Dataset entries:
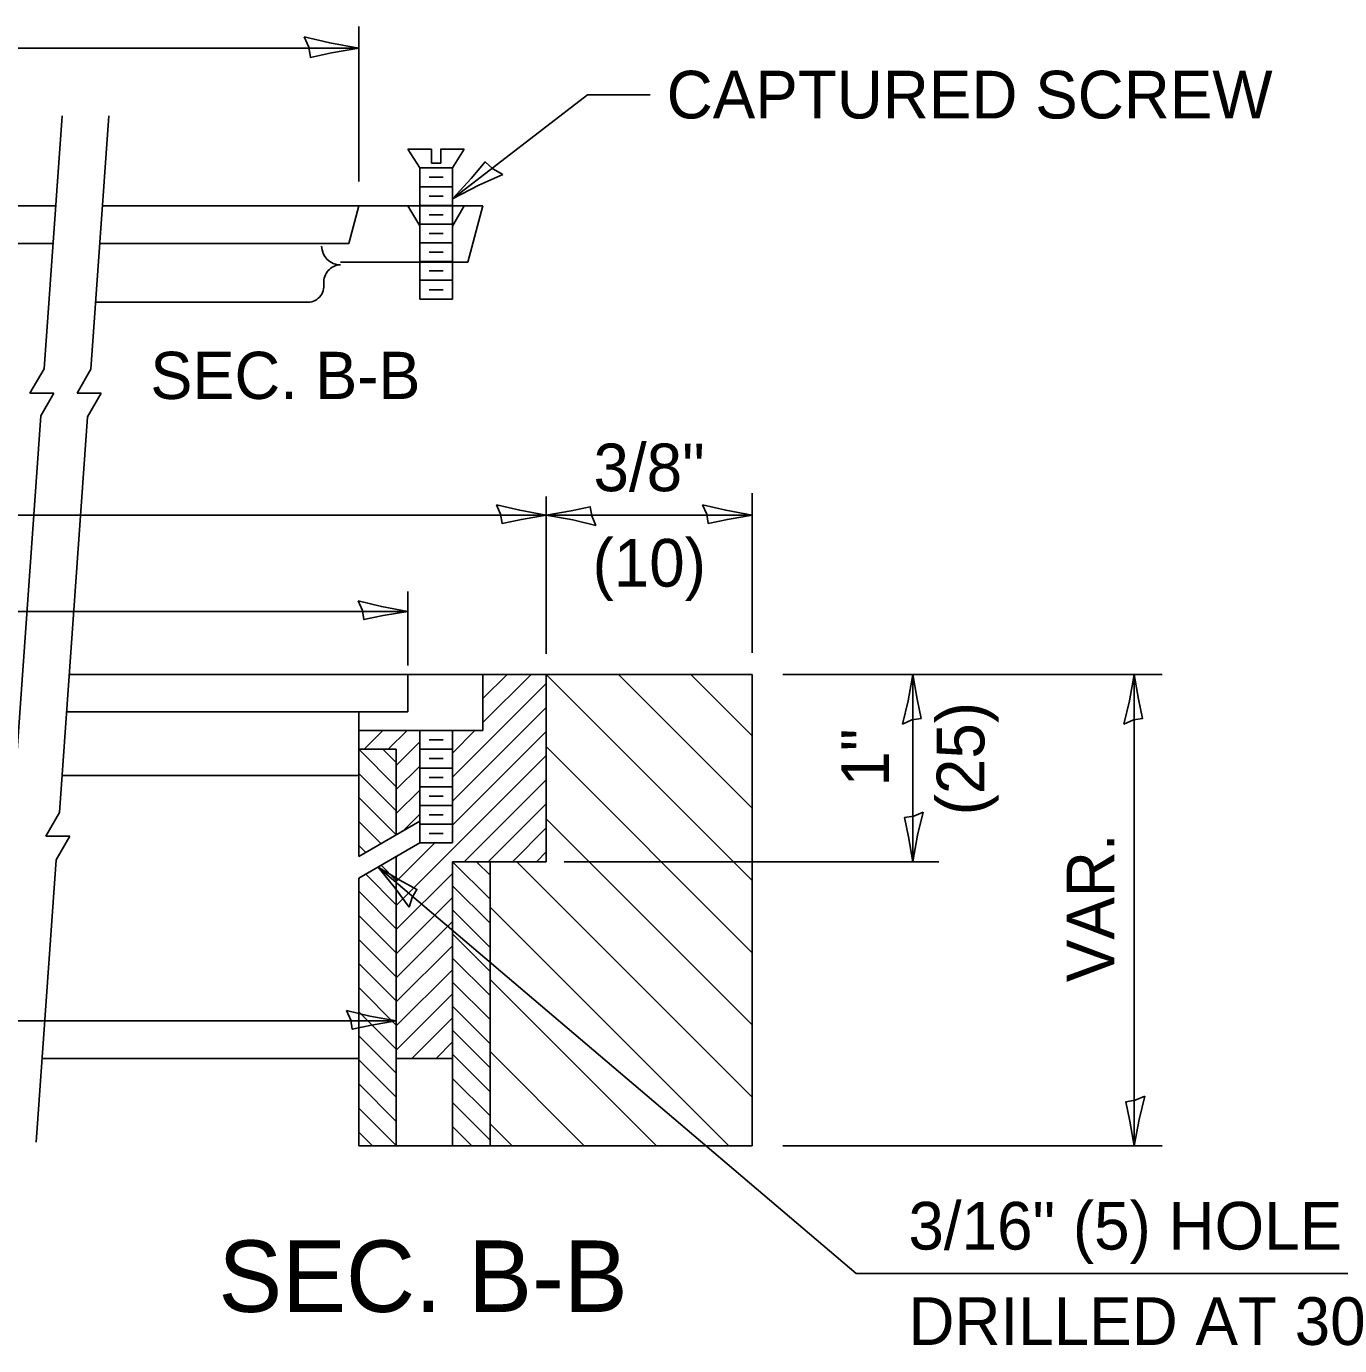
# Model space of a CAD drawing. Extents: x 99219.3 to 99253.3, y 99421.8 to 99443.8.
# Drawn here: x 99228.678 to 99232.602, y 99430.861 to 99434.804 of the extents above; entities that cross this region are included whole.
import ezdxf

# ---------------------------------------------------------------- set-up
doc = ezdxf.new("R2010")
doc.units = 0
for name, color, linetype in [('Design_PR_Railroad Track', 7, 'Continuous'), ('Design_PR_Roadway Dimensions', 7, 'Continuous'), ('Design_PR_Roadway Notes', 7, 'Continuous'), ('Drainage_PR_Adjustment Items', 7, 'Continuous'), ('Level 43', 7, 'Continuous'), ('Level 8', 7, 'Continuous'), ('Removal_Items', 7, 'Continuous')]:
    doc.layers.add(name, color=color, linetype=linetype)

msp = doc.modelspace()

# ---------------------------------------------------------------- linework, layer by layer
at = {"layer": 'Design_PR_Railroad Track'}
for p, q in [((99229.7832, 99432.5316), (99229.6714, 99432.6434)), ((99229.7832, 99432.6036), (99229.7433, 99432.6434)), ((99229.7832, 99432.4597), (99229.6714, 99432.5715)), ((99229.7832, 99432.3877), (99229.6714, 99432.4995)), ((99229.7376, 99432.3613), (99229.6714, 99432.4276)), ((99229.692, 99432.335), (99229.6714, 99432.3556)), ((99229.7832, 99432.3231), (99229.7832, 99432.3231)), ((99229.7832, 99432.2511), (99229.7375, 99432.2967)), ((99230.0632, 99432.1955), (99229.9511, 99432.3076)), ((99230.0632, 99432.2674), (99230.0231, 99432.3076)), ((99229.7832, 99432.1791), (99229.6919, 99432.2704)), ((99230.0632, 99432.1235), (99229.9511, 99432.2356)), ((99229.7832, 99432.1072), (99229.6714, 99432.219)), ((99230.0632, 99432.0515), (99229.9511, 99432.1636)), ((99229.7832, 99432.0352), (99229.6714, 99432.147)), ((99230.0632, 99431.9796), (99229.9511, 99432.0917)), ((99229.7832, 99431.9632), (99229.6714, 99432.075)), ((99229.7832, 99431.8913), (99229.6714, 99432.0031)), ((99230.0632, 99431.9076), (99229.9511, 99432.0197)), ((99229.7832, 99431.8193), (99229.6714, 99431.9311)), ((99230.0632, 99431.8356), (99229.9511, 99431.9477)), ((99229.7832, 99431.7474), (99229.6714, 99431.8592)), ((99230.0632, 99431.7637), (99229.9511, 99431.8758)), ((99230.0632, 99431.6917), (99229.9511, 99431.8038)), ((99229.7832, 99431.6754), (99229.6714, 99431.7872)), ((99230.0632, 99431.6198), (99229.9511, 99431.7319)), ((99229.7832, 99431.6034), (99229.6714, 99431.7152)), ((99230.0632, 99431.5478), (99229.9511, 99431.6599)), ((99229.7832, 99431.5315), (99229.6714, 99431.6433)), ((99229.7832, 99431.4595), (99229.6714, 99431.5713)), ((99230.0632, 99431.4758), (99229.9511, 99431.5879)), ((99229.7123, 99431.4584), (99229.6714, 99431.4994)), ((99230.0087, 99431.4584), (99229.9511, 99431.516))]:
    msp.add_line(p, q, dxfattribs=at)
at = {"layer": 'Design_PR_Roadway Notes'}
for p, q in [((99229.9511, 99434.2887), (99230.3548, 99434.5997)), ((99230.3548, 99434.5997), (99230.5418, 99434.5997)), ((99228.7308, 99433.7808), (99228.7845, 99434.5362)), ((99228.8707, 99433.779), (99228.9244, 99434.5362)), ((99228.7308, 99433.7808), (99228.6885, 99433.7075)), ((99228.8707, 99433.779), (99228.8293, 99433.7074)), ((99228.6885, 99433.7075), (99228.7599, 99433.7075)), ((99228.7599, 99433.7075), (99228.7208, 99433.6397)), ((99228.8293, 99433.7074), (99228.9009, 99433.7074)), ((99228.9009, 99433.7074), (99228.8605, 99433.6374)), ((99228.6369, 99432.457), (99228.7208, 99433.6397)), ((99228.7767, 99432.4547), (99228.8605, 99433.6374)), ((99228.7767, 99432.4547), (99228.7357, 99432.3838)), ((99228.7357, 99432.3838), (99228.8074, 99432.3838)), ((99228.8074, 99432.3838), (99228.7666, 99432.3132)), ((99228.7067, 99431.4689), (99228.7666, 99432.3132)), ((99231.1576, 99431.0771), (99229.7285, 99432.2911)), ((99233.0534, 99431.0771), (99231.1576, 99431.0771))]:
    msp.add_line(p, q, dxfattribs=at)
for points in [[(99230.1013, 99434.3613), (99230.0717, 99434.378), (99230.0491, 99434.3987), (99230.0072, 99434.3497), (99229.9511, 99434.2887), (99230.0298, 99434.3293)], [(99229.8215, 99432.1713), (99229.8308, 99432.2009), (99229.845, 99432.2248), (99229.7934, 99432.2528), (99229.7285, 99432.2911), (99229.7795, 99432.2289)]]:
    msp.add_lwpolyline(points, close=True, dxfattribs=at)
at = {"layer": 'Drainage_PR_Adjustment Items'}
for p, q in [((99230.847, 99432.2514), (99230.2311, 99432.8673)), ((99230.847, 99432.4673), (99230.447, 99432.8673)), ((99230.847, 99432.6832), (99230.6628, 99432.8673)), ((99230.847, 99432.0356), (99230.2311, 99432.6515)), ((99230.847, 99431.8197), (99230.2311, 99432.4356)), ((99230.847, 99431.6038), (99230.1432, 99432.3076)), ((99230.7765, 99431.4584), (99230.0632, 99432.1717)), ((99230.5606, 99431.4584), (99230.0632, 99431.9558)), ((99230.3447, 99431.4584), (99230.0632, 99431.7399)), ((99230.1289, 99431.4584), (99230.0632, 99431.524))]:
    msp.add_line(p, q, dxfattribs=at)
at = {"layer": 'Level 43'}
for p, q in [((99229.6713, 99434.3401), (99229.6713, 99434.8038)), ((99226.4909, 99434.7385), (99229.6713, 99434.7385)), ((99230.2311, 99432.9291), (99230.2311, 99433.3993)), ((99230.847, 99432.9314), (99230.847, 99433.4093)), ((99226.0682, 99433.3433), (99230.2311, 99433.3433)), ((99230.2311, 99433.3433), (99230.847, 99433.3433)), ((99229.818, 99432.8942), (99229.818, 99433.1151)), ((99226.4936, 99433.0557), (99229.818, 99433.0557)), ((99230.938, 99432.8673), (99232.0717, 99432.8673)), ((99231.3266, 99432.3075), (99231.3266, 99432.8673)), ((99231.9883, 99431.4584), (99231.9883, 99432.8673)), ((99230.2847, 99432.3075), (99231.4044, 99432.3075)), ((99229.7831, 99431.8316), (99226.5161, 99431.8316)), ((99230.938, 99431.4584), (99232.0717, 99431.4584))]:
    msp.add_line(p, q, dxfattribs=at)
for points in [[(99229.5081, 99434.7727), (99229.5214, 99434.7413), (99229.5265, 99434.7112), (99229.5897, 99434.7243), (99229.6713, 99434.7385), (99229.5842, 99434.7544)], [(99230.0826, 99433.3743), (99230.0947, 99433.3458), (99230.0994, 99433.3185), (99230.1569, 99433.3304), (99230.2311, 99433.3433), (99230.1519, 99433.3576)], [(99230.3795, 99433.3122), (99230.3674, 99433.3408), (99230.3628, 99433.3681), (99230.3053, 99433.3561), (99230.2311, 99433.3433), (99230.3103, 99433.3289)], [(99230.6986, 99433.3743), (99230.7106, 99433.3458), (99230.7153, 99433.3185), (99230.7728, 99433.3304), (99230.847, 99433.3433), (99230.7678, 99433.3576)], [(99229.6696, 99433.0868), (99229.6817, 99433.0583), (99229.6864, 99433.0309), (99229.7438, 99433.0428), (99229.818, 99433.0557), (99229.7389, 99433.0701)], [(99231.2955, 99432.7189), (99231.324, 99432.731), (99231.3514, 99432.7356), (99231.3395, 99432.7931), (99231.3266, 99432.8673), (99231.3122, 99432.7881)], [(99231.9573, 99432.7189), (99231.9858, 99432.731), (99232.0132, 99432.7356), (99232.0012, 99432.7931), (99231.9883, 99432.8673), (99231.974, 99432.7881)], [(99231.3577, 99432.456), (99231.3292, 99432.4439), (99231.3018, 99432.4392), (99231.3137, 99432.3818), (99231.3266, 99432.3075), (99231.341, 99432.3867)], [(99229.6348, 99431.8627), (99229.6468, 99431.8342), (99229.6515, 99431.8068), (99229.7089, 99431.8188), (99229.7831, 99431.8316), (99229.704, 99431.8461)], [(99232.0194, 99431.6068), (99231.9908, 99431.5947), (99231.9635, 99431.59), (99231.9755, 99431.5326), (99231.9883, 99431.4584), (99232.0027, 99431.5376)]]:
    msp.add_lwpolyline(points, close=True, dxfattribs=at)
at = {"layer": 'Level 8'}
for p, q in [((99229.818, 99434.4368), (99229.8532, 99434.3808)), ((99229.818, 99434.4368), (99229.8882, 99434.4368)), ((99229.8882, 99434.3947), (99229.8882, 99434.4368)), ((99229.9155, 99434.4368), (99229.9862, 99434.4368)), ((99229.9163, 99434.3947), (99229.9163, 99434.4368)), ((99229.9862, 99434.4368), (99229.9511, 99434.3808)), ((99229.8532, 99434.3808), (99229.8532, 99433.9889)), ((99229.8532, 99434.3808), (99229.9511, 99434.3808)), ((99229.8882, 99434.3947), (99229.9163, 99434.3947)), ((99229.9511, 99434.3808), (99229.9511, 99433.9889)), ((99229.8532, 99434.3247), (99229.9511, 99434.3247)), ((99229.8811, 99434.3528), (99229.923, 99434.3528)), ((99229.8811, 99434.2967), (99229.923, 99434.2967)), ((99228.3175, 99434.2671), (99228.765, 99434.2671)), ((99228.9053, 99434.2671), (99230.0422, 99434.2671)), ((99229.6713, 99434.2671), (99229.6412, 99434.1552)), ((99229.818, 99434.2675), (99229.8532, 99434.2081)), ((99229.8532, 99434.2687), (99229.9511, 99434.2687)), ((99229.9862, 99434.2675), (99229.9511, 99434.2072)), ((99230.0422, 99434.2671), (99229.9971, 99434.0992)), ((99229.8532, 99434.2129), (99229.9511, 99434.2129)), ((99229.8532, 99434.2081), (99229.8532, 99434.1008)), ((99229.8811, 99434.2408), (99229.923, 99434.2408)), ((99229.9511, 99434.2072), (99229.9511, 99434.099)), ((99229.8811, 99434.1849), (99229.923, 99434.1849)), ((99228.2873, 99434.1552), (99228.7569, 99434.1552)), ((99228.8974, 99434.1552), (99229.6412, 99434.1552)), ((99229.8532, 99434.1568), (99229.9511, 99434.1568)), ((99229.8811, 99434.1288), (99229.923, 99434.1288)), ((99229.6161, 99434.0992), (99229.9971, 99434.0992)), ((99229.8532, 99434.1008), (99229.9511, 99434.1008)), ((99229.8811, 99434.0728), (99229.923, 99434.0728)), ((99229.8532, 99434.0449), (99229.9511, 99434.0449)), ((99229.8811, 99434.0167), (99229.923, 99434.0167)), ((99229.5139, 99433.9793), (99228.885, 99433.9793)), ((99229.8532, 99433.9889), (99229.9511, 99433.9889)), ((99228.8061, 99432.8673), (99230.0422, 99432.8673)), ((99229.818, 99432.8673), (99229.818, 99432.7555)), ((99230.0422, 99432.6994), (99230.0422, 99432.8673)), ((99230.0422, 99432.8673), (99230.2311, 99432.8673)), ((99230.2311, 99432.8673), (99230.2311, 99432.3075)), ((99230.2311, 99432.8673), (99230.847, 99432.8673)), ((99230.847, 99432.8673), (99230.847, 99431.4584)), ((99228.798, 99432.7555), (99229.818, 99432.7555)), ((99229.6713, 99432.7555), (99229.6713, 99432.6434)), ((99229.6713, 99432.6994), (99229.8532, 99432.6994)), ((99229.8532, 99432.6994), (99229.9511, 99432.6994)), ((99229.8532, 99432.6994), (99229.8532, 99432.3636)), ((99229.8811, 99432.6714), (99229.923, 99432.6714)), ((99229.9511, 99432.3636), (99229.9511, 99432.6992)), ((99229.9511, 99432.6992), (99230.0422, 99432.6992)), ((99229.7831, 99432.6434), (99229.6713, 99432.6434)), ((99229.6713, 99432.6434), (99229.6713, 99432.323)), ((99229.7831, 99432.3877), (99229.7831, 99432.6434)), ((99229.8532, 99432.6434), (99229.9511, 99432.6434)), ((99229.8811, 99432.6156), (99229.923, 99432.6156)), ((99228.7845, 99432.5652), (99229.6713, 99432.5652)), ((99229.8532, 99432.5875), (99229.9511, 99432.5875)), ((99229.8811, 99432.5595), (99229.923, 99432.5595)), ((99229.8532, 99432.5315), (99229.9511, 99432.5315)), ((99229.8532, 99432.4754), (99229.9511, 99432.4754)), ((99229.8811, 99432.5035), (99229.923, 99432.5035)), ((99229.8811, 99432.4477), (99229.923, 99432.4477)), ((99229.8532, 99432.4282), (99229.6713, 99432.323)), ((99229.8532, 99432.4195), (99229.9511, 99432.4195)), ((99229.8532, 99432.3636), (99229.6713, 99432.2585)), ((99229.8532, 99432.3636), (99229.9511, 99432.3636)), ((99229.8811, 99432.3916), (99229.923, 99432.3916)), ((99229.7831, 99431.4584), (99229.7831, 99432.323)), ((99230.2311, 99432.3075), (99229.9511, 99432.3075)), ((99229.9511, 99432.3075), (99229.9511, 99431.4584)), ((99230.0632, 99432.3075), (99230.0632, 99431.4584)), ((99229.6713, 99432.2585), (99229.6713, 99431.4584)), ((99229.6713, 99431.7195), (99228.7243, 99431.7195)), ((99229.9511, 99431.7195), (99229.7831, 99431.7195)), ((99229.6713, 99431.4584), (99230.847, 99431.4584))]:
    msp.add_line(p, q, dxfattribs=at)
for centre, radius, start, end in [((99229.616, 99434.1472), 0.056, 180, 270), ((99229.6184, 99434.0394), 0.0519, 92.6767, 184.1014), ((99229.5171, 99434.0291), 0.05, 266.3929, 7.5012)]:
    msp.add_arc(centre, radius, start, end, dxfattribs=at)
at = {"layer": 'Removal_Items'}
for p, q in [((99230.0422, 99432.8673), (99230.0422, 99432.8673)), ((99230.0422, 99432.7954), (99230.1142, 99432.8673)), ((99230.0422, 99432.7234), (99230.1861, 99432.8673)), ((99229.9511, 99432.5604), (99230.2311, 99432.8403)), ((99229.9511, 99432.4884), (99230.2311, 99432.7684)), ((99229.6714, 99432.6994), (99229.6714, 99432.6994)), ((99229.6873, 99432.6434), (99229.7433, 99432.6994)), ((99229.7593, 99432.6434), (99229.8153, 99432.6994)), ((99229.9511, 99432.6323), (99230.0182, 99432.6994)), ((99229.9511, 99432.4165), (99230.2311, 99432.6964)), ((99229.7832, 99432.5953), (99229.8532, 99432.6654)), ((99229.7832, 99432.1765), (99230.2311, 99432.6244)), ((99229.7832, 99432.5234), (99229.8532, 99432.5934)), ((99229.9861, 99432.3076), (99230.2311, 99432.5525)), ((99229.7832, 99432.4514), (99229.8532, 99432.5214)), ((99230.0581, 99432.3076), (99230.2311, 99432.4805)), ((99229.8028, 99432.3991), (99229.8532, 99432.4495)), ((99230.1301, 99432.3076), (99230.2311, 99432.4086)), ((99229.7832, 99432.2485), (99229.8983, 99432.3636)), ((99229.7832, 99432.3204), (99229.7894, 99432.3266)), ((99230.202, 99432.3076), (99230.2311, 99432.3366)), ((99229.7832, 99432.1046), (99229.9511, 99432.2725)), ((99229.7832, 99432.0326), (99229.9511, 99432.2006)), ((99229.7832, 99431.9606), (99229.9511, 99432.1286)), ((99229.7832, 99431.8887), (99229.9511, 99432.0566)), ((99229.7832, 99431.8167), (99229.9511, 99431.9847)), ((99229.7832, 99431.7448), (99229.9511, 99431.9127)), ((99229.8299, 99431.7196), (99229.9511, 99431.8408)), ((99229.9019, 99431.7196), (99229.9511, 99431.7688))]:
    msp.add_line(p, q, dxfattribs=at)

# ---------------------------------------------------------------- texts
at = {"layer": 'Design_PR_Roadway Dimensions'}
for s, p in [('3/8"', (99230.3724, 99433.4146)), ('(10)', (99230.3696, 99433.1296))]:
    msp.add_text(s, height=0.1425, dxfattribs=at).set_placement(p)
for s, p in [('(25)', (99231.5404, 99432.4461)), ('1"', (99231.2554, 99432.5319)), ('VAR.', (99231.929, 99431.9475))]:
    msp.add_text(s, height=0.1425, rotation=90, dxfattribs=at).set_placement(p)
at = {"layer": 'Design_PR_Roadway Notes'}
for s, height, p in [('CAPTURED SCREW', 0.1425, (99230.5911, 99434.5286)), ('SEC. B-B', 0.14108, (99229.0481, 99433.6903)), ('3/16" (5) HOLE', 0.1425, (99231.3134, 99431.1484)), ('SEC. B-B', 0.21375, (99229.2514, 99430.962)), ('DRILLED AT 30', 0.1425, (99231.3134, 99430.8634))]:
    msp.add_text(s, height=height, dxfattribs=at).set_placement(p)

doc.saveas('drawing.dxf')

To do: Each line above holding the string "name" counts once; please report the total and nothing more.

Finished task: 2